— WHAT THE EXERCISE ASKS —
Give back exactly the lines from the one holding "RV1: 1k; Potentiometer_Bourns_3296W_Vertical" to the last line of the entries, both included, and nothing more.

— DATA LISTING —
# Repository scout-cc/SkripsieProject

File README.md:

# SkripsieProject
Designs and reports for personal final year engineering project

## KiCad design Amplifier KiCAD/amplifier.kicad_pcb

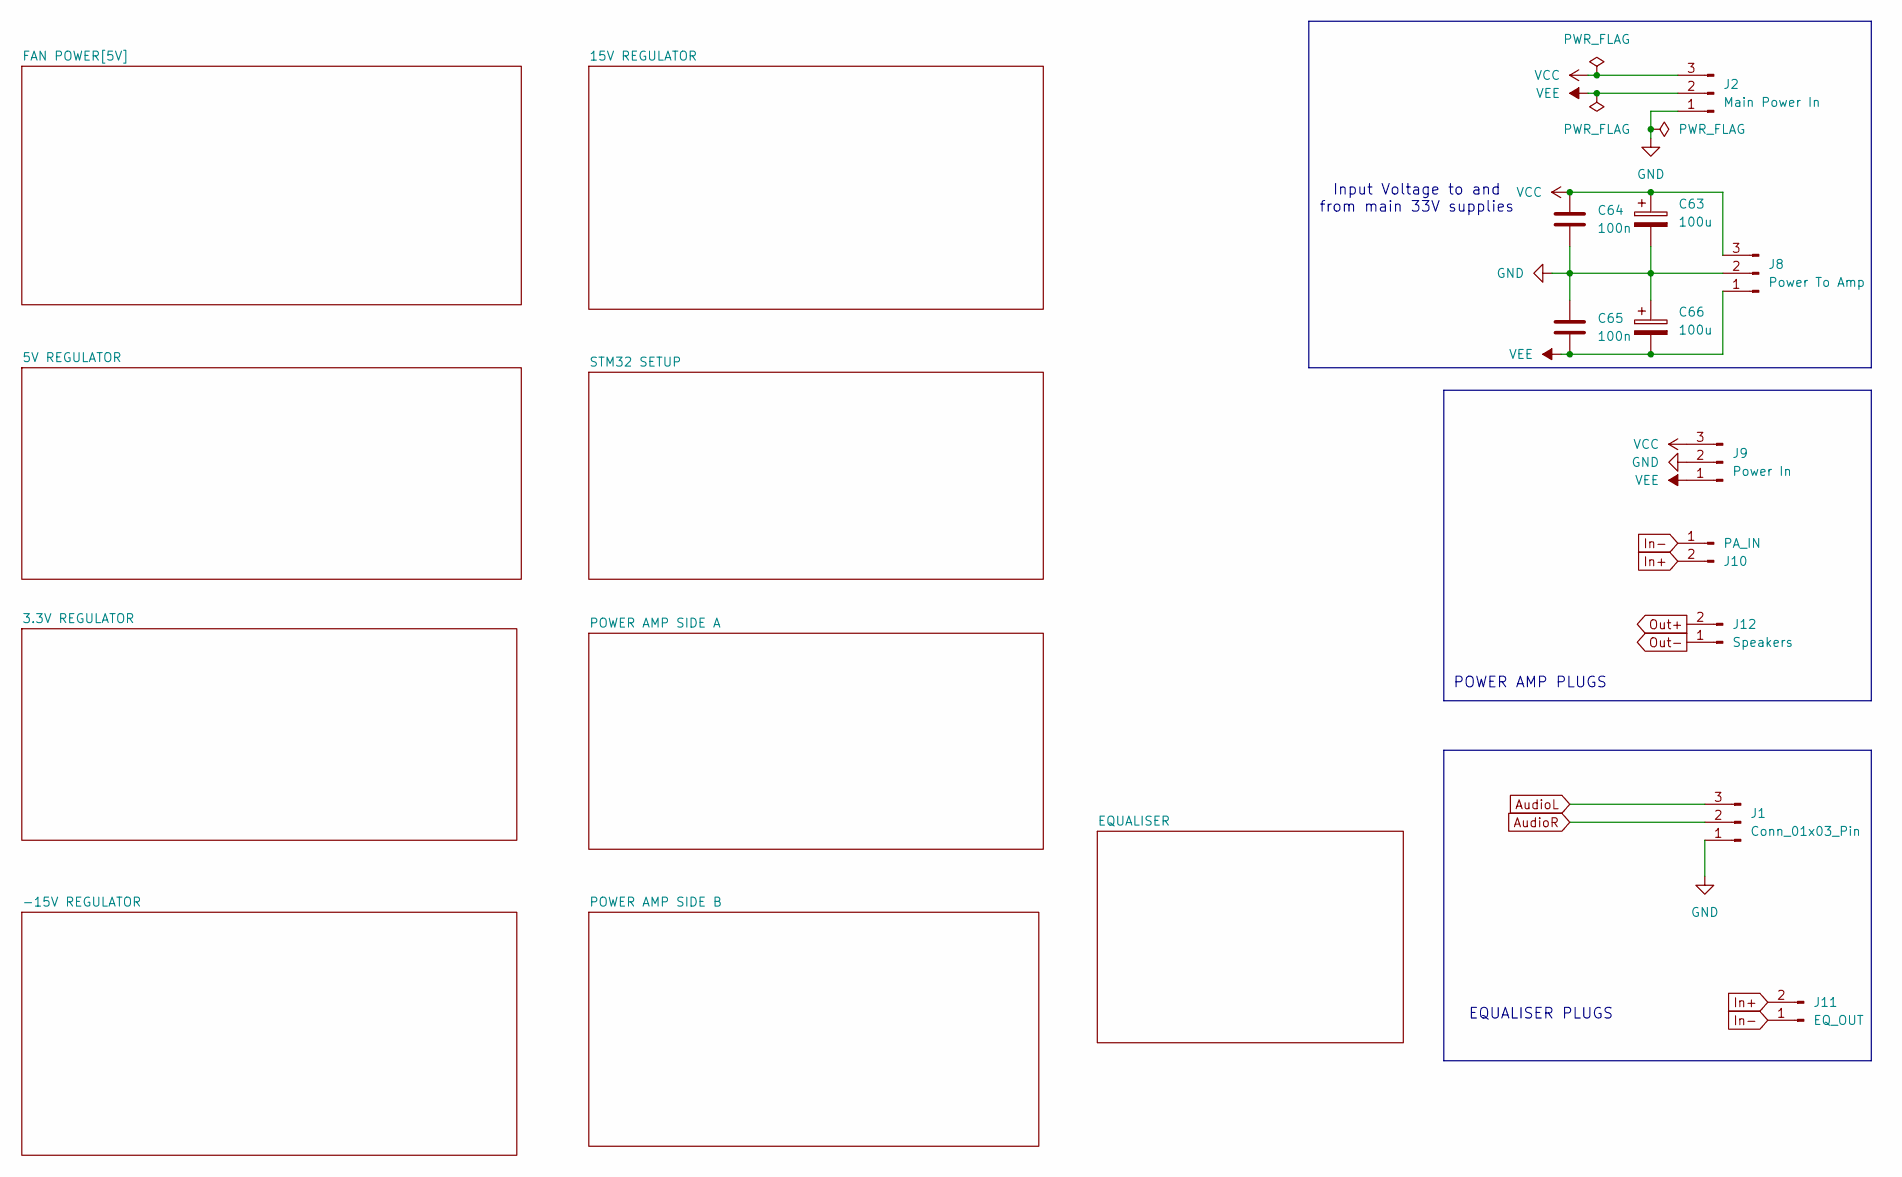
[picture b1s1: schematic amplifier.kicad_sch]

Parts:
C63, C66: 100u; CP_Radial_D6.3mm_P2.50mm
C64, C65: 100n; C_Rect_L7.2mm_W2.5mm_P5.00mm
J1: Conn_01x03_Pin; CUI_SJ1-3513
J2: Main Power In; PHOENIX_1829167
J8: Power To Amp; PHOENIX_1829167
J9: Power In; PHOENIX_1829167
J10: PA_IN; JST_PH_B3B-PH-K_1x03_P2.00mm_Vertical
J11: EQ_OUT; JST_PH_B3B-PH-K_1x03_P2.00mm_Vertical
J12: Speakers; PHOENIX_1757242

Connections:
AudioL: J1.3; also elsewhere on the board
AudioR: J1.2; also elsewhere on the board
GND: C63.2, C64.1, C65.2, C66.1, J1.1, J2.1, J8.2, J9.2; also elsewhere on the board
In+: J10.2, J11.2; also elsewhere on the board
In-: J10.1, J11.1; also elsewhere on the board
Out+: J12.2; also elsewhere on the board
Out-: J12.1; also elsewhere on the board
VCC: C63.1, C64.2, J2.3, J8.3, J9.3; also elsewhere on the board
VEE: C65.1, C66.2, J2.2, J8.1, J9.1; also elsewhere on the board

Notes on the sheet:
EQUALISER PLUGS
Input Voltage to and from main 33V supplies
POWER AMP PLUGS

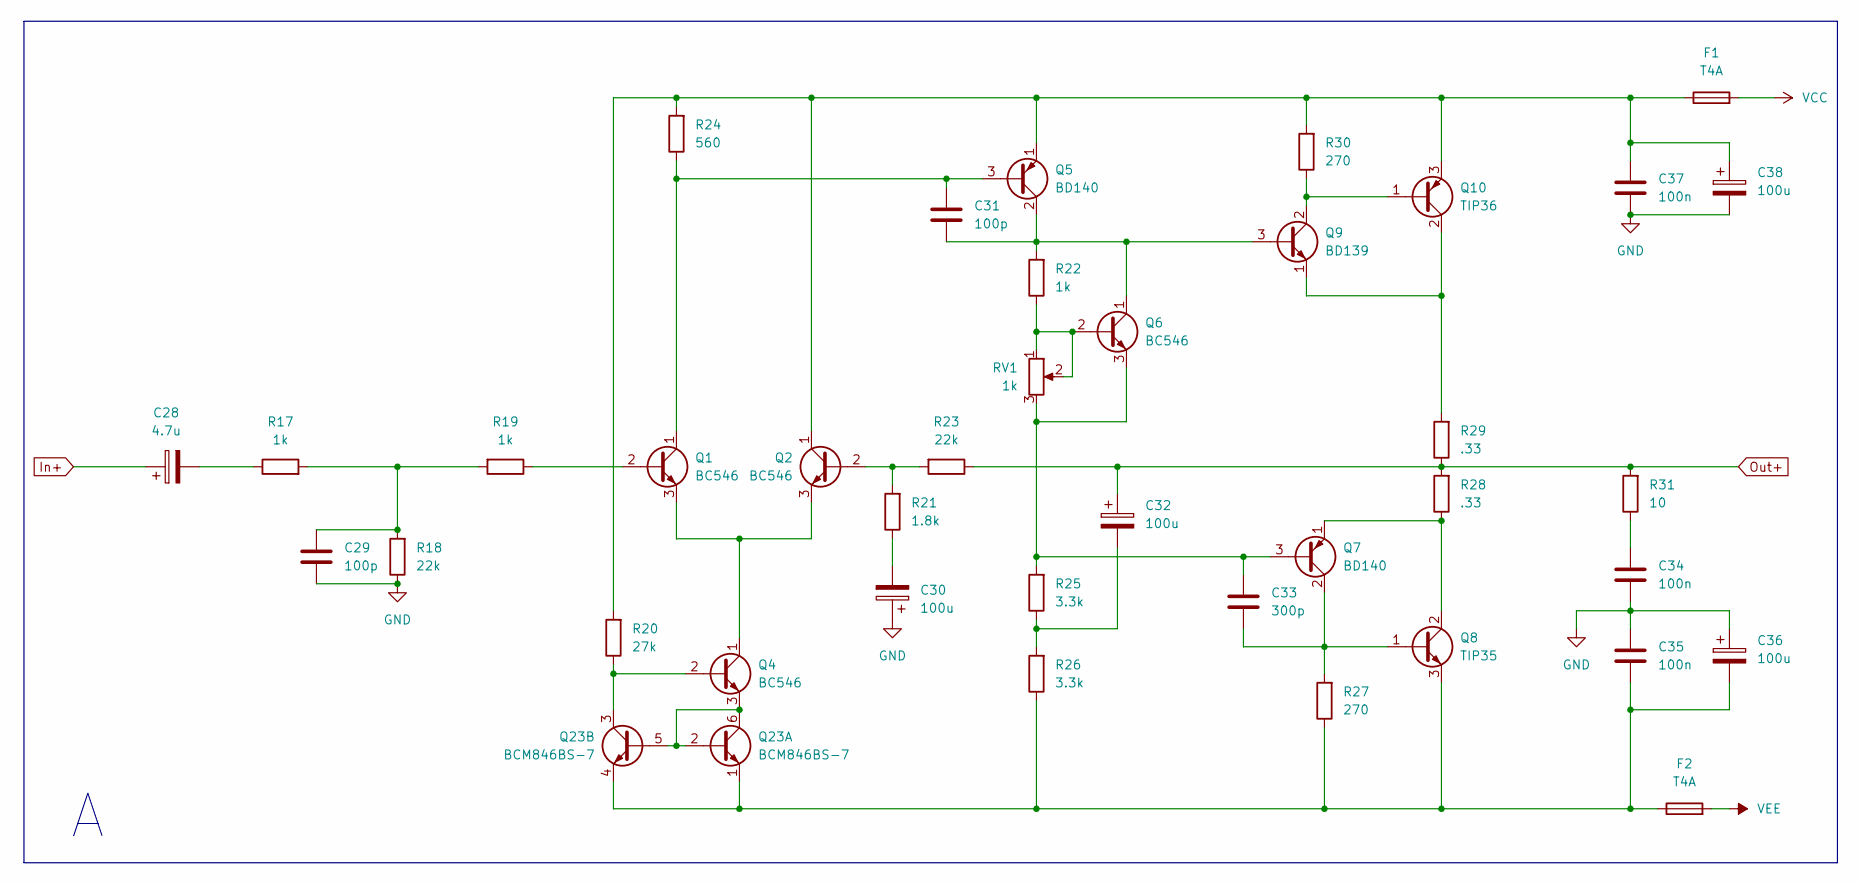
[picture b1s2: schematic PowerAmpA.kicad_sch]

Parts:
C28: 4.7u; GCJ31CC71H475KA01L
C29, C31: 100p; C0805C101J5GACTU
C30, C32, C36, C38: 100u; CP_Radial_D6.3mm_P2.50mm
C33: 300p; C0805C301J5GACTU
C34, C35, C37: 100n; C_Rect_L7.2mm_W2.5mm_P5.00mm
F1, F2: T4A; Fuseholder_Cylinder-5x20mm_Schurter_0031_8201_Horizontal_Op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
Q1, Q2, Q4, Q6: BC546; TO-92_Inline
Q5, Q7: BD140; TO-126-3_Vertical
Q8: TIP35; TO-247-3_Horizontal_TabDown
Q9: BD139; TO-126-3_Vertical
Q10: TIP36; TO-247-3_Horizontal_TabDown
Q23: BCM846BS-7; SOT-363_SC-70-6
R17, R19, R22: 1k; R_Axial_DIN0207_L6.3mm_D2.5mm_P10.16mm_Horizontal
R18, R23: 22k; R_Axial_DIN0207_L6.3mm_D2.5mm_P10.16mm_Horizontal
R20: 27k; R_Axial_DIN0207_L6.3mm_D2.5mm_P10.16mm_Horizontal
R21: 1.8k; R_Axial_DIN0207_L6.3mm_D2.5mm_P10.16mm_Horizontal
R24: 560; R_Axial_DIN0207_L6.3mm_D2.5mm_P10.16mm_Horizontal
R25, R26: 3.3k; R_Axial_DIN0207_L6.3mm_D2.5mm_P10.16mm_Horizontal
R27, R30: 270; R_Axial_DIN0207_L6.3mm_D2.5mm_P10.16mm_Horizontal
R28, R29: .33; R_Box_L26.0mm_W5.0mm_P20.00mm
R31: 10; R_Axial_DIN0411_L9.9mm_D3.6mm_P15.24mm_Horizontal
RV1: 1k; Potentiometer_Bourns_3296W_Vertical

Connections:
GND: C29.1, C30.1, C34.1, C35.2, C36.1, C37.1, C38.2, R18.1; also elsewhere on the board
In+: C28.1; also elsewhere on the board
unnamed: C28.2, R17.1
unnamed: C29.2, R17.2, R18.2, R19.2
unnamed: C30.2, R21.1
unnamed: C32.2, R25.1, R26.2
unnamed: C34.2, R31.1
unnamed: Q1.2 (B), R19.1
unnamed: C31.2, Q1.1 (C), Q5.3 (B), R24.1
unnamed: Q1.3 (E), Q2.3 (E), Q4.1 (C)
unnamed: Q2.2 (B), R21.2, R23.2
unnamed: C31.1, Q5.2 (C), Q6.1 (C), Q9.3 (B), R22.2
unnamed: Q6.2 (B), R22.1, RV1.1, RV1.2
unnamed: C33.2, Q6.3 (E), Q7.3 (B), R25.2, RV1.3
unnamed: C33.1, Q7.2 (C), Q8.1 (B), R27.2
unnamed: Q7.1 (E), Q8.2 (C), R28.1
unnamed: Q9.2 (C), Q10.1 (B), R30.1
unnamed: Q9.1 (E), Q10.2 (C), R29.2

— ANSWER SECTION —
RV1: 1k; Potentiometer_Bourns_3296W_Vertical

Connections:
GND: C29.1, C30.1, C34.1, C35.2, C36.1, C37.1, C38.2, R18.1; also elsewhere on the board
In+: C28.1; also elsewhere on the board
unnamed: C28.2, R17.1
unnamed: C29.2, R17.2, R18.2, R19.2
unnamed: C30.2, R21.1
unnamed: C32.2, R25.1, R26.2
unnamed: C34.2, R31.1
unnamed: Q1.2 (B), R19.1
unnamed: C31.2, Q1.1 (C), Q5.3 (B), R24.1
unnamed: Q1.3 (E), Q2.3 (E), Q4.1 (C)
unnamed: Q2.2 (B), R21.2, R23.2
unnamed: C31.1, Q5.2 (C), Q6.1 (C), Q9.3 (B), R22.2
unnamed: Q6.2 (B), R22.1, RV1.1, RV1.2
unnamed: C33.2, Q6.3 (E), Q7.3 (B), R25.2, RV1.3
unnamed: C33.1, Q7.2 (C), Q8.1 (B), R27.2
unnamed: Q7.1 (E), Q8.2 (C), R28.1
unnamed: Q9.2 (C), Q10.1 (B), R30.1
unnamed: Q9.1 (E), Q10.2 (C), R29.2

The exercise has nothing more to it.